◆ EXERCISE AIM ◆
Output verbatim the line with "#28778 = CARTESIAN_POINT" together with every line beneath it, ending at the last line of the entries.

◆ EXERCISE INPUTS ◆
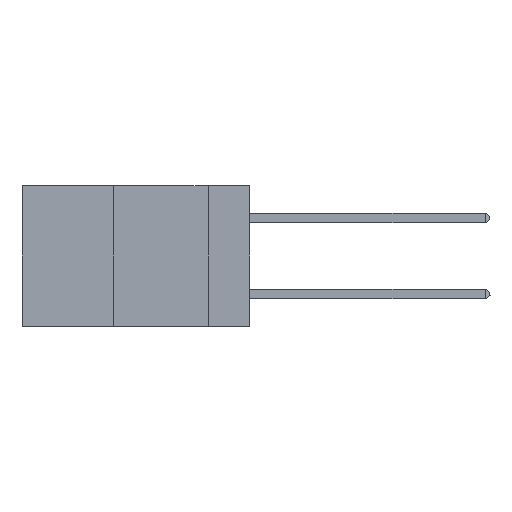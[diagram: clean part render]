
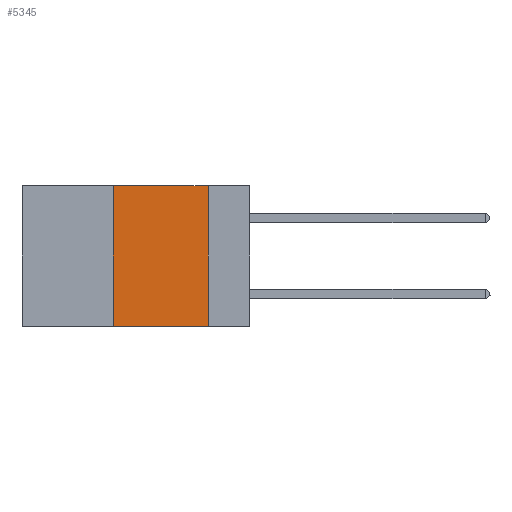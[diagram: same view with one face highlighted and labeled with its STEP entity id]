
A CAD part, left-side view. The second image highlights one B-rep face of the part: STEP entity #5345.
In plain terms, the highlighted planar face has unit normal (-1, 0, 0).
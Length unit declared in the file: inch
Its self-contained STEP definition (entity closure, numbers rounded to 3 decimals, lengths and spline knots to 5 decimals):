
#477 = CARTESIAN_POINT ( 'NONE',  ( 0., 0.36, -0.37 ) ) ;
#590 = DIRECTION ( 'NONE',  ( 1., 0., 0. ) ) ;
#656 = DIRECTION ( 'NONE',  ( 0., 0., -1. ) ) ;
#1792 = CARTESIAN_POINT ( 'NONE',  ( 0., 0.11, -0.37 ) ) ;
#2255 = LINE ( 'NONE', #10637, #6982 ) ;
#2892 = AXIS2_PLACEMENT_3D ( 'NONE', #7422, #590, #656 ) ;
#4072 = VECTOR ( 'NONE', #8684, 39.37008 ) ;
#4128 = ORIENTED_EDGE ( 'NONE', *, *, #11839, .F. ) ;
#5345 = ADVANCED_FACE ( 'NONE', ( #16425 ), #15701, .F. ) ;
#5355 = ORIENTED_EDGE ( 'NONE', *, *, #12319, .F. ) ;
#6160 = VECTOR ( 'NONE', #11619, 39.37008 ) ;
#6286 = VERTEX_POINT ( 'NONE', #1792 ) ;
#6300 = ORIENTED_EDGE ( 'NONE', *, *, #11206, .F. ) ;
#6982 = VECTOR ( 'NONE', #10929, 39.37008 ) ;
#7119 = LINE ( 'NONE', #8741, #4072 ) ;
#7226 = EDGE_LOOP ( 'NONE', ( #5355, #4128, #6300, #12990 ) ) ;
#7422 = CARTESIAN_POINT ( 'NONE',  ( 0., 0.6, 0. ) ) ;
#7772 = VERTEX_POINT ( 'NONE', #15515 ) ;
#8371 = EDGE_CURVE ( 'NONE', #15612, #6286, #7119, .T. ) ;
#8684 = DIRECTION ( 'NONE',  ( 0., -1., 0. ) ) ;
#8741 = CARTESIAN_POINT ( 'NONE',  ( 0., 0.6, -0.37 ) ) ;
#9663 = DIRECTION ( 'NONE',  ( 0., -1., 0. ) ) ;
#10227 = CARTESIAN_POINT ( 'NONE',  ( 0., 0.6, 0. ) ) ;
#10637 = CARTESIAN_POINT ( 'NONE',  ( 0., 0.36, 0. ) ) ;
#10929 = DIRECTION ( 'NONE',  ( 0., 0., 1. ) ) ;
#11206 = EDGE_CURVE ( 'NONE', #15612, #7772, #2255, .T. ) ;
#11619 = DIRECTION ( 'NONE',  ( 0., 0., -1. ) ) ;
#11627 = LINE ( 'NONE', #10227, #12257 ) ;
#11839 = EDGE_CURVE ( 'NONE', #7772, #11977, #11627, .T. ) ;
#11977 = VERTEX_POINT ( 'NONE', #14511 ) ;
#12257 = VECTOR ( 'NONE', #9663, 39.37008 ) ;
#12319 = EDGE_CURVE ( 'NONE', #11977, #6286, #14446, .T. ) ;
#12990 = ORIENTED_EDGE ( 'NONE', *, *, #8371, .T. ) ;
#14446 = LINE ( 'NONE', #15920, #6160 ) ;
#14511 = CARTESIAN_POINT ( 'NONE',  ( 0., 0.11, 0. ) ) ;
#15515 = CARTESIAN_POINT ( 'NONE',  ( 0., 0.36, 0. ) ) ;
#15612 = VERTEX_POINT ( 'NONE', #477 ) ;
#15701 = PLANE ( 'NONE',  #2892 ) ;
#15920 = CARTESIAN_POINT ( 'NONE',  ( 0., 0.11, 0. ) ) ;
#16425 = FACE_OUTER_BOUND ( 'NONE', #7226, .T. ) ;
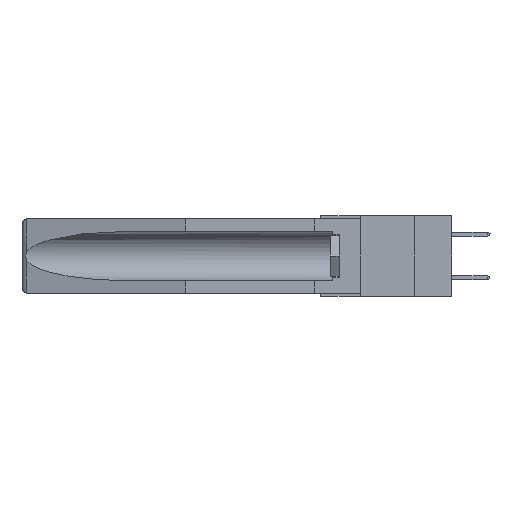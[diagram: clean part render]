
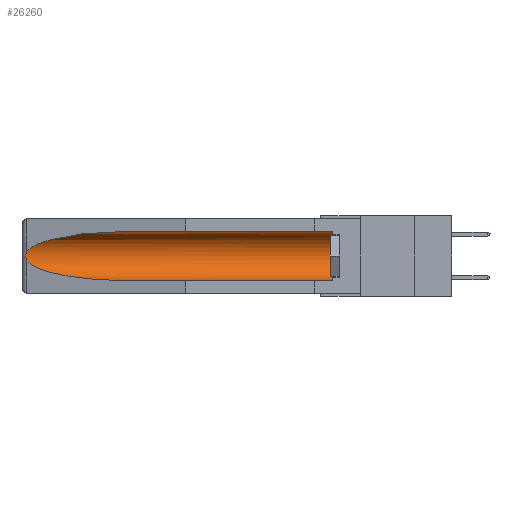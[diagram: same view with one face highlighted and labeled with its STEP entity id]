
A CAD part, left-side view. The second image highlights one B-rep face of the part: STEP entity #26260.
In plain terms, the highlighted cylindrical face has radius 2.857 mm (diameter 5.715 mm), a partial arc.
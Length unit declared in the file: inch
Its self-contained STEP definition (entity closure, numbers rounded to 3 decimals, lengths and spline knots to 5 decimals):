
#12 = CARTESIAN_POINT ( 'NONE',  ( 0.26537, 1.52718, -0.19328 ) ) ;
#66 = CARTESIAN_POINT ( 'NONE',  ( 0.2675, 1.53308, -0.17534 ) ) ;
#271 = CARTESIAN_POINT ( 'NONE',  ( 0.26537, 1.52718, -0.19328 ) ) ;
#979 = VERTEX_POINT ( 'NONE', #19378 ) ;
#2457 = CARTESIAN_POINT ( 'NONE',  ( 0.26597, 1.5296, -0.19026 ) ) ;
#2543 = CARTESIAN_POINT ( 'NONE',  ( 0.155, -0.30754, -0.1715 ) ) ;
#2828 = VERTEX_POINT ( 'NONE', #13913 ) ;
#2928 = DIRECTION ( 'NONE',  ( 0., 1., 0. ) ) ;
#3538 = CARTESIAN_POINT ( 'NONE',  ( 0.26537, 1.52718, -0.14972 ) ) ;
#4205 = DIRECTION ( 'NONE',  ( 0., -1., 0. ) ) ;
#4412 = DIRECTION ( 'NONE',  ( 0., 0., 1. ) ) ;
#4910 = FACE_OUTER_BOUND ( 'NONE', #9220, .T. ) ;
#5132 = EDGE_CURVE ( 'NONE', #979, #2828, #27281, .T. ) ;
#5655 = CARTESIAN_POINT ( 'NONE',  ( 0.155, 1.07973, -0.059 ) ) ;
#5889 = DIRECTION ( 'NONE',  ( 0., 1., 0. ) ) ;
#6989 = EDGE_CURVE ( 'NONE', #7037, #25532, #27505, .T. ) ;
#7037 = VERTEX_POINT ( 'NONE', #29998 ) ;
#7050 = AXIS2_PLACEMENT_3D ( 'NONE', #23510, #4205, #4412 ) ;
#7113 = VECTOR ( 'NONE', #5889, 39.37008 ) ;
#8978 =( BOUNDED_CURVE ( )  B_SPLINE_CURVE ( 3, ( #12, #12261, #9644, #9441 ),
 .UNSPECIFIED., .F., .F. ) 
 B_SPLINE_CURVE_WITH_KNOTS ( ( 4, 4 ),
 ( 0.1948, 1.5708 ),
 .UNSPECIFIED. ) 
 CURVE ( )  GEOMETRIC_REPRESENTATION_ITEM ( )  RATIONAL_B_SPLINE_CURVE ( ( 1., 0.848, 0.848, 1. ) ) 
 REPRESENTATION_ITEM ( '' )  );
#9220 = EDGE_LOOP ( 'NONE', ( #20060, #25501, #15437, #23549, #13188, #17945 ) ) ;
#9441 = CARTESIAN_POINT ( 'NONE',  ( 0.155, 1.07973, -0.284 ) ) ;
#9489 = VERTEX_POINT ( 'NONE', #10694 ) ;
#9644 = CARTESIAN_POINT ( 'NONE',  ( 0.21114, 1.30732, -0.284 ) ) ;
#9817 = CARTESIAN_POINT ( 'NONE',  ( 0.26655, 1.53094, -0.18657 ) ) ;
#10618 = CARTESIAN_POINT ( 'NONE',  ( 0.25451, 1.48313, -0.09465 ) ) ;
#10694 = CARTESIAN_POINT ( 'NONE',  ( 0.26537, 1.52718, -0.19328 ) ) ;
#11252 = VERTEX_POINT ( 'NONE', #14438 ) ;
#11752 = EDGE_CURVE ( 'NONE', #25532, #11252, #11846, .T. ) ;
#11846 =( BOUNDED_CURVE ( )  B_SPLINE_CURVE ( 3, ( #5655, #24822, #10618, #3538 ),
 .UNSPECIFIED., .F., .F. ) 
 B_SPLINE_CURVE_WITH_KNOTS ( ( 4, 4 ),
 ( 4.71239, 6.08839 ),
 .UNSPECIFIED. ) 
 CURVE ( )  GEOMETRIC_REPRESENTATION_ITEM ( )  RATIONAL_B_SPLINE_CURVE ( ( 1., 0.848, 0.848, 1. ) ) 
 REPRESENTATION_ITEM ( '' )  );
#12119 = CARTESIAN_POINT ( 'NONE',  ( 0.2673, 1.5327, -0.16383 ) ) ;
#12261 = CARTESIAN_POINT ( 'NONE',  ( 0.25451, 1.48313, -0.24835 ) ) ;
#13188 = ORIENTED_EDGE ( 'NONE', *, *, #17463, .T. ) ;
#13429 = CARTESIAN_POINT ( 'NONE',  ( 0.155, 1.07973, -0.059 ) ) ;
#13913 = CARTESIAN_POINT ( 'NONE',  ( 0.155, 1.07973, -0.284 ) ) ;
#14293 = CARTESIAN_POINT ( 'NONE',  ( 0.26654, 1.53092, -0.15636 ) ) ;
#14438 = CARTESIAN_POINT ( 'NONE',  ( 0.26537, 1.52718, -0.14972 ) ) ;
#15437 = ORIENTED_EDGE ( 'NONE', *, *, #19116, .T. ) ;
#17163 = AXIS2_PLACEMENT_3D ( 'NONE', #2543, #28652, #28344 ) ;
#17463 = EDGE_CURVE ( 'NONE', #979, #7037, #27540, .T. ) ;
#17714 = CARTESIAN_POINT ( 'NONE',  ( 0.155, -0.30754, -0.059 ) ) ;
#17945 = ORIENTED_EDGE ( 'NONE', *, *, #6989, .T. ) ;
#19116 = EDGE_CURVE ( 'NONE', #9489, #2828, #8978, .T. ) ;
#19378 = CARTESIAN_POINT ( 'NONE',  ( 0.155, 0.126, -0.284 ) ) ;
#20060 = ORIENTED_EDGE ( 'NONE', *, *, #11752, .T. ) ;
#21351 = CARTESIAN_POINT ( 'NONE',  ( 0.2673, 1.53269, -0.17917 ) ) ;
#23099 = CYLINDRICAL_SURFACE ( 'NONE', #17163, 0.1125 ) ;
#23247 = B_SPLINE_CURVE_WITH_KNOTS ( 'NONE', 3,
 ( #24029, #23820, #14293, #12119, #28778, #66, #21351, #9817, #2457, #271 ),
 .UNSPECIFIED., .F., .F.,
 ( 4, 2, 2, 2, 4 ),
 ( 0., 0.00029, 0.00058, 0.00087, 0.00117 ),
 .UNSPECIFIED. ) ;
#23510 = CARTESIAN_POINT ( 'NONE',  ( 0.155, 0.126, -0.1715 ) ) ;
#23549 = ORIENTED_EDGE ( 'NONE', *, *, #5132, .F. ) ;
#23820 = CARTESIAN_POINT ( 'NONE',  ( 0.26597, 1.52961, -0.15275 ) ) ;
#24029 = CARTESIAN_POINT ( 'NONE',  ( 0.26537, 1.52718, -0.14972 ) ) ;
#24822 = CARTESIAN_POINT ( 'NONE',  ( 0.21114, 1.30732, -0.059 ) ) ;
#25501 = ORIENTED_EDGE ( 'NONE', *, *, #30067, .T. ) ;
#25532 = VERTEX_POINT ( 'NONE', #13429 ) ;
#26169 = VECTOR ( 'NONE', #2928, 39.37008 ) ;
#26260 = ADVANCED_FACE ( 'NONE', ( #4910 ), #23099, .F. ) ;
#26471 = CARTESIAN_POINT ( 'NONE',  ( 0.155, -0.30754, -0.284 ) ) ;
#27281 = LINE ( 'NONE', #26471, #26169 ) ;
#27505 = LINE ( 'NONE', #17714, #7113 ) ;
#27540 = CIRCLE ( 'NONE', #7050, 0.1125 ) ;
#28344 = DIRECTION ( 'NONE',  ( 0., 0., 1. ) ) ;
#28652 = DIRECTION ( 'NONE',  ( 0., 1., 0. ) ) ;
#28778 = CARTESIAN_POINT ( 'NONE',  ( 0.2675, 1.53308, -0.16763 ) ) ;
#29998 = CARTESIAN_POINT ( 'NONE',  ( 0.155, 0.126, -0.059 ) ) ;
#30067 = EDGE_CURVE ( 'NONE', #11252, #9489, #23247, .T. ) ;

◆ WRITTEN REPLY ◆
#28778 = CARTESIAN_POINT ( 'NONE',  ( 0.2675, 1.53308, -0.16763 ) ) ;
#29998 = CARTESIAN_POINT ( 'NONE',  ( 0.155, 0.126, -0.059 ) ) ;
#30067 = EDGE_CURVE ( 'NONE', #11252, #9489, #23247, .T. ) ;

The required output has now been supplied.